Open a book of Hafez's poetry to a random page. Read the verse your finger lands on. Believe it holds your future. This is fal-e Hafez, and in Shiraz it is not folklore -- it is how families settle arguments, comfort the grieving, and ring in the new year. A city of roughly 1.5 million people in the heart of Fars Province, Shiraz has shaped Persian civilization for over two millennia. It was a Zand dynasty capital, a Safavid cultural crossroads, and a gateway to the Achaemenid ruins at Persepolis. But ask any Iranian what Shiraz means, and the answer comes quickly: poetry.
Saadi was born here around 1210. Hafez followed roughly a century later, in 1315. Between them, they composed some of the most widely quoted verses in any language. Saadi's Gulistan and Bustan taught the world that ethical philosophy could read like a garden stroll. Hafez's ghazals -- lyric poems of longing, wine, and divine love -- became so embedded in Persian consciousness that his collected works, the Divan, sits in nearly every Iranian household. Goethe admired him. Emerson translated him. But in Shiraz, Hafez and Saadi are not literary figures to be studied. They are neighbors. Their tombs anchor opposite sides of the city, and Shirazis visit them the way other people visit family -- regularly, without ceremony, often just to sit in the gardens and think.
Shiraz sits in a fertile valley at roughly 1,500 meters elevation, cupped between the folds of the Zagros range. The mountains trap moisture and funnel it into the city, making possible a tradition of gardens that stretches back centuries. Eram Garden, a UNESCO World Heritage Site, dates to the thirteenth century and refines the Persian idea of paradise on earth -- symmetrical plantings, reflective pools, a pavilion positioned to catch the play of light and water. Nazar Garden shelters the octagonal Pars Museum. Orange groves line residential streets, filling spring evenings with a sweetness that sharpens in the cooling air. The Persian word for paradise, pardis, originally meant an enclosed garden. In Shiraz, the etymology makes perfect sense.

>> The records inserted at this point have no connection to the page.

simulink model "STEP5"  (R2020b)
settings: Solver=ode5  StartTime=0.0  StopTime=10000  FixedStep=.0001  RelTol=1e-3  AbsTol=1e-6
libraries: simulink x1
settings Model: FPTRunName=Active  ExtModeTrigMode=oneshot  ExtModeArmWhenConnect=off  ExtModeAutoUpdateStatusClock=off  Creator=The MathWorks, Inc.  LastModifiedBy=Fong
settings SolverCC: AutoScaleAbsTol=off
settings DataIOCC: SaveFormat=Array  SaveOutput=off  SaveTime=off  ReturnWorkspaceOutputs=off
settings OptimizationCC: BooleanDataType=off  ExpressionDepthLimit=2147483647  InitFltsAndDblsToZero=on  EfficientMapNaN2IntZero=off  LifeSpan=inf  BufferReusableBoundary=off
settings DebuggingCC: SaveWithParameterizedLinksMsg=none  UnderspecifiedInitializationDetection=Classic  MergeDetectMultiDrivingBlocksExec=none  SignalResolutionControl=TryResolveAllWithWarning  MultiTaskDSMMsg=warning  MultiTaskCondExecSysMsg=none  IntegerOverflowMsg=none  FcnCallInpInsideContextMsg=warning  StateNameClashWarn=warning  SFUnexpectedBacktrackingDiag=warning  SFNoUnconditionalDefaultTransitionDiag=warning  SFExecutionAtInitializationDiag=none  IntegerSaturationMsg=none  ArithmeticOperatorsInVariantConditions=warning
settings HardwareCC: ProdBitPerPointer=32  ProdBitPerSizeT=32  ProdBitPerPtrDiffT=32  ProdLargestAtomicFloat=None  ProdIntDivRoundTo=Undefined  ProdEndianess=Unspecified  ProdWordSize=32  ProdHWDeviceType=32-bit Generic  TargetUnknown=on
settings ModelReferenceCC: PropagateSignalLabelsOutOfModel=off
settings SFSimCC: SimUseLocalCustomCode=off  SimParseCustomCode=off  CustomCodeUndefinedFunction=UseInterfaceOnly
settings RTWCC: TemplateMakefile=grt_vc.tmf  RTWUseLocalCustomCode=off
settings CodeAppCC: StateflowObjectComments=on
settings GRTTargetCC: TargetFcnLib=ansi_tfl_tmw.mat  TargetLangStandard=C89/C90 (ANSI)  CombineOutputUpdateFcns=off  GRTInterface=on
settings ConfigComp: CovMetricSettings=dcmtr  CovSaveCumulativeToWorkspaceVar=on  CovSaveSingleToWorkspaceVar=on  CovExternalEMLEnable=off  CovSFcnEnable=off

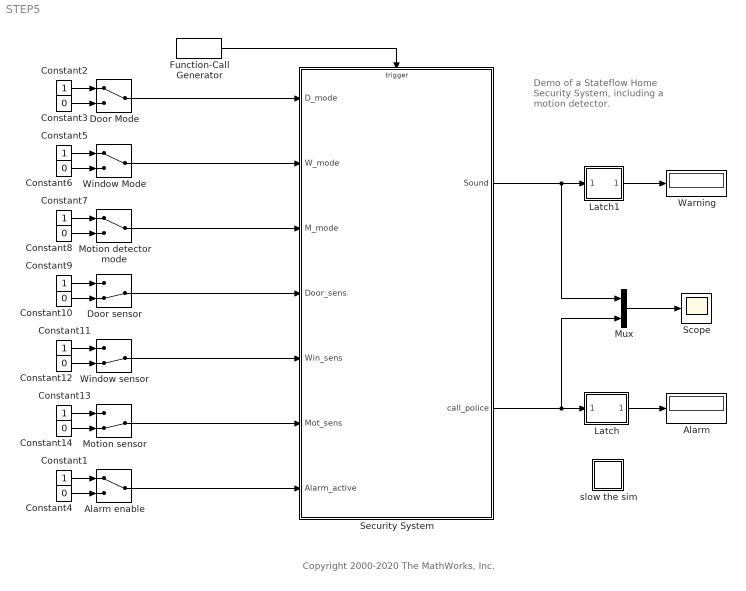
== system STEP5 ==
  note: Demo of a Stateflow
      | Home Security System,
      | including a motion
      | detector.
  note: Copyright 2000-2020 The MathWorks, Inc.
  Alarm : Display
  Alarm enable : ManualSwitch
  Constant{1..2,5,7,9,11,13} (7 alike) : Constant  OutDataTypeStr=boolean
  Constant{3..4,6,8,10,12,14} (7 alike) : Constant  Value=0  OutDataTypeStr=boolean
  Door Mode : ManualSwitch
  Door sensor : ManualSwitch  CurrentSetting=0
  Function-Call Generator : simulink/Ports & Subsystems/Function-Call Generator  sample_time=.05  numberOfIterations=1  DisallowWideOutput=off
  Latch : Subsystem
      mask Display: disp('Hold')
  Latch1 : Subsystem
      mask Display: disp('Hold')
  Motion detector mode : ManualSwitch
  Motion sensor : ManualSwitch  CurrentSetting=0
  Mux : Mux  Inputs=2
  Scope : Scope
  Security System : Stateflow chart  TreatAsAtomicUnit=on
  Warning : Display
  Window Mode : ManualSwitch
  Window sensor : ManualSwitch  CurrentSetting=0
  slow the sim : Subsystem
  wires:
  Latch/1(Trigger) -> Alarm/1
  Door Mode/1 -> Security System/1(D_mode)
  Window Mode/1 -> Security System/2(W_mode)
  Motion detector mode/1 -> Security System/3(M_mode)
  Alarm enable/1 -> Security System/7(Alarm_active)
  Motion sensor/1 -> Security System/6(Mot_sens)
  Window sensor/1 -> Security System/5(Win_sens)
  Door sensor/1 -> Security System/4(Door_sens)
  Function-Call Generator/1 -> Security System/Trigger
  Latch1/1(Trigger) -> Warning/1
  Security System/1(Sound) -> Latch1/1(Reset), Mux/1
  Security System/2(call_police) -> Latch/1(Reset), Mux/2
  Mux/1 -> Scope/1
  Constant4/1 -> Alarm enable/2
  Constant1/1 -> Alarm enable/1
  Constant3/1 -> Door Mode/2
  Constant2/1 -> Door Mode/1
  Constant6/1 -> Window Mode/2
  Constant5/1 -> Window Mode/1
  Constant8/1 -> Motion detector mode/2
  Constant7/1 -> Motion detector mode/1
  Constant10/1 -> Door sensor/2
  Constant12/1 -> Window sensor/2
  Constant11/1 -> Window sensor/1
  Constant14/1 -> Motion sensor/2
  Constant13/1 -> Motion sensor/1
  Constant9/1 -> Door sensor/1

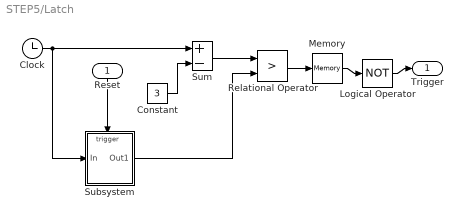
== system STEP5/Latch ==
  Reset : Inport
  Clock : Clock
  Constant : Constant  Value=3
  Logical Operator : Logic  Operator=NOT  Inputs=1
  Memory : Memory  InitialCondition=1
  Relational Operator : RelationalOperator  Operator=>  RndMeth=Nearest  InputSameDT=on
  Subsystem : Subsystem
  Sum : Sum  Inputs=+-  InputSameDT=on  SaturateOnIntegerOverflow=on  OutDataTypeStr=Inherit: Same as first input
  Trigger : Outport  InitialOutput=0  VectorParamsAs1DForOutWhenUnconnected=off
  wires:
  Clock/1 -> Sum/1, Subsystem/1(In)
  Reset/1 -> Subsystem/Trigger
  Constant/1 -> Sum/2
  Sum/1 -> Relational Operator/1
  Subsystem/1(Out1) -> Relational Operator/2
  Relational Operator/1 -> Memory/1
  Memory/1 -> Logical Operator/1
  Logical Operator/1 -> Trigger/1

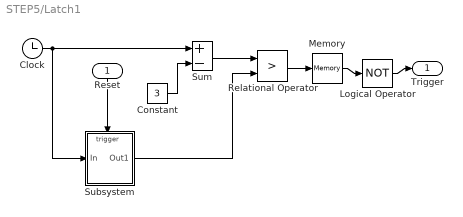
== system STEP5/Latch1 ==
  Reset : Inport
  Clock : Clock
  Constant : Constant  Value=3
  Logical Operator : Logic  Operator=NOT  Inputs=1
  Memory : Memory  InitialCondition=1
  Relational Operator : RelationalOperator  Operator=>  RndMeth=Nearest  InputSameDT=on
  Subsystem : Subsystem
  Sum : Sum  Inputs=+-  InputSameDT=on  SaturateOnIntegerOverflow=on  OutDataTypeStr=Inherit: Same as first input
  Trigger : Outport  InitialOutput=0  VectorParamsAs1DForOutWhenUnconnected=off
  wires:
  Logical Operator/1 -> Trigger/1
  Memory/1 -> Logical Operator/1
  Relational Operator/1 -> Memory/1
  Subsystem/1(Out1) -> Relational Operator/2
  Sum/1 -> Relational Operator/1
  Constant/1 -> Sum/2
  Reset/1 -> Subsystem/Trigger
  Clock/1 -> Subsystem/1(In), Sum/1

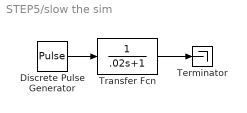
== system STEP5/slow the sim ==
  Discrete Pulse Generator : DiscretePulseGenerator  SampleTime=0.1
  Terminator : Terminator
  Transfer Fcn : TransferFcn  Denominator=[.02 1]
  wires:
  Discrete Pulse Generator/1 -> Transfer Fcn/1
  Transfer Fcn/1 -> Terminator/1

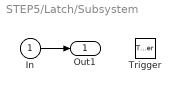
== system STEP5/Latch/Subsystem ==
  In : Inport
  Trigger : TriggerPort  TriggerType=either  VariantControl=Variant
  Out1 : Outport  InitialOutput=-10  VectorParamsAs1DForOutWhenUnconnected=off
  wires:
  In/1 -> Out1/1

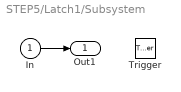
== system STEP5/Latch1/Subsystem ==
  In : Inport
  Trigger : TriggerPort  TriggerType=either  VariantControl=Variant
  Out1 : Outport  InitialOutput=-10  VectorParamsAs1DForOutWhenUnconnected=off
  wires:
  In/1 -> Out1/1

== stateflow chart STEP5/Security System ==
  state The Door and Win states model anti-intrusion sensors at a window and a [group]
    door. When these sensors are active, the corresponding states check the
    value of D_mode and W_mode. If one of these variables is true, the states
    broadcast a local event to the Alarm state.
  state Input from the motion sensor can be sporadic, so a [group]
    debouncing state is used. The debouncing state
    remains active while Mot_sens is true. After a delay
    period, the debouncing state broadcasts a local
    event to the Alert state.
  state Motion [parallel]
    settings: executionOrder=2  description=This state models the modes of a motion detector sensor and implements logic to respond when that sensor is producing a signal.
    state Active
      state Debouncing
      state Idle
      Debouncing -> Debouncing [order 1] : after(1/tSample,sl_call)
          | [in(Alarm.On.Idle)] /{
          | send(Alert,Alarm);}
      Debouncing -> Motion.Active.Idle [order 2] : [~Mot_sens]
      Motion.Active.Idle -> Debouncing : [Mot_sens]
    state Disabled
    (default) -> Motion.Active.Idle
      settings: description=On the first sample call the motion sensor mode is set to active, in the idle substate.
    Motion.Disabled -> Motion.Active.Idle : [M_mode==1]
    Motion.Active -> Motion.Disabled : [M_mode==0]
  state Door [parallel]
    settings: executionOrder=1  description=This state models the modes of a door sensor and implements logic to respond when that sensor is producing a signal.
    state Disabled
    state Active
      Door.Active -> (junction 46) [order 1] : [Door_sens && ...
          |  in(Alarm.On.Idle)]
          | {send(Alert,Alarm);}
    Door.Disabled -> Door.Active : [D_mode==1]
    (default) -> Door.Active
      settings: description=On the first sample call the door mode is set to active.
    Door.Active -> Door.Disabled [order 1] : [D_mode==0]
  state Win [parallel]
    settings: executionOrder=3  description=This state models the modes of a window sensor and implements logic to respond when that sensor is producing a signal.
    state Disabled
    state Active
      Win.Active -> (junction 43) [order 1] : [Win_sens && ...
          | in(Alarm.On.Idle)]
          | {send(Alert,Alarm);}
    Win.Disabled -> Win.Active : [W_mode==1]
    (default) -> Win.Active
      settings: description=On the first sample call the window mode is set to active.
    Win.Active -> Win.Disabled [order 1] : [W_mode==0]
  state Alarm [parallel]
    settings: executionOrder=4
    state On
      state Pending
        entry: Sound;
      state Idle
      (default) -> Alarm.On.Idle
      Alarm.On.Idle -> Pending : Alert
      Pending -> Alarm.On.Idle : after(4/tSample,sl_call)/
          | {call_police;}
    state Off
    (default) -> On
      settings: description=On the first sample call the Alarm is set to active.
    On -> Off : [Alarm_active==0]
    Off -> On : [Alarm_active==1]
  state When an Alert event is [group]
    broadcast to the Alarm state,
    the Pending state becomes
    activate for a delay period.
    If the alarm is not disabled
    during the delay period, the
    police are contacted by the
    output event call_police.
  data: D_mode input boolean; W_mode input boolean; M_mode input boolean; Door_sens input boolean; Win_sens input boolean; Mot_sens input boolean; Alarm_active input boolean; tSample constant double =0.05
  events: Sound output EITHER_EDGE_EVENT; call_police output EITHER_EDGE_EVENT; Alert local EITHER_EDGE_EVENT; sl_call input FUNCTION_CALL_EVENT

When Karim Khan Zand consolidated power over Iran in the mid-eighteenth century, he chose Shiraz as his capital and the title Vakil al-Ra'aya -- Representative of the People -- over the title of Shah. He rebuilt the city with a citadel, a bazaar, a mosque, and a public bath, all bearing the name Vakil. The Arg-e Karim Khan, his imposing citadel, still anchors the city center with its circular towers and brick battlements. Under his rule, from 1751 to 1779, Shiraz experienced a period of peace and commercial growth after decades of war. He encouraged foreign trade, practiced religious toleration, and governed with a modesty rare among rulers of any era. Shirazis still speak of him warmly, two and a half centuries later.
Shiraz rewards early risers. At the Nasir al-Mulk Mosque, built between 1876 and 1888, morning sunlight streams through stained-glass windows and scatters across Persian carpets in waves of rose, violet, and gold. The mosque's profusion of pink-hued tiles gave it the nickname the Pink Mosque, though no photograph captures what the space actually does with light. Across the city, the Vakil Bazaar opens its vaulted corridors to the first shoppers. The smell of cardamom mixes with rosewater. Vendors arrange pyramids of chickpea cookies and blocks of masghati halva. Kalam polo -- rice with meatballs and chopped cabbage, a dish found nowhere else in Iran -- simmers in back kitchens. Shirazi salad, the city's most famous export, appears on tables across the country, but here it tastes like its ingredients just left the garden.
Sixty kilometers northeast of Shiraz, the ruins of Persepolis rise from the plain -- the ceremonial capital of the Achaemenid Empire, with remains dating to 515 BC. Pasargad, the earlier capital built by Cyrus the Great in the sixth century BC, lies nearby with its austere limestone tomb. Both are UNESCO World Heritage Sites, and both are why Shiraz has served as a base for travelers to this region for centuries. The proximity is not coincidental. Fars Province is the ancestral homeland of the Persian people, and Shiraz sits at its center. The connection between the modern city and these ancient sites runs deeper than tourism. When Shirazis recite Hafez at a family gathering, they are doing what people in this valley have done for as long as memory reaches -- honoring the past by keeping it alive in the present.
Shiraz lies at 29.61N, 52.54E in a valley of Fars Province, Iran, at approximately 1,500 meters elevation. Shiraz Shahid Dastgheib International Airport (OISS) serves as the main gateway, located on the city's southern edge. From altitude, the city's grid is visible between the green strips of its famous gardens and the brown Zagros foothills. Persepolis is 60 km to the northeast, identifiable by the Marvdasht plain. The Arg-e Karim Khan citadel and the green rectangle of Eram Garden are useful visual references within the city.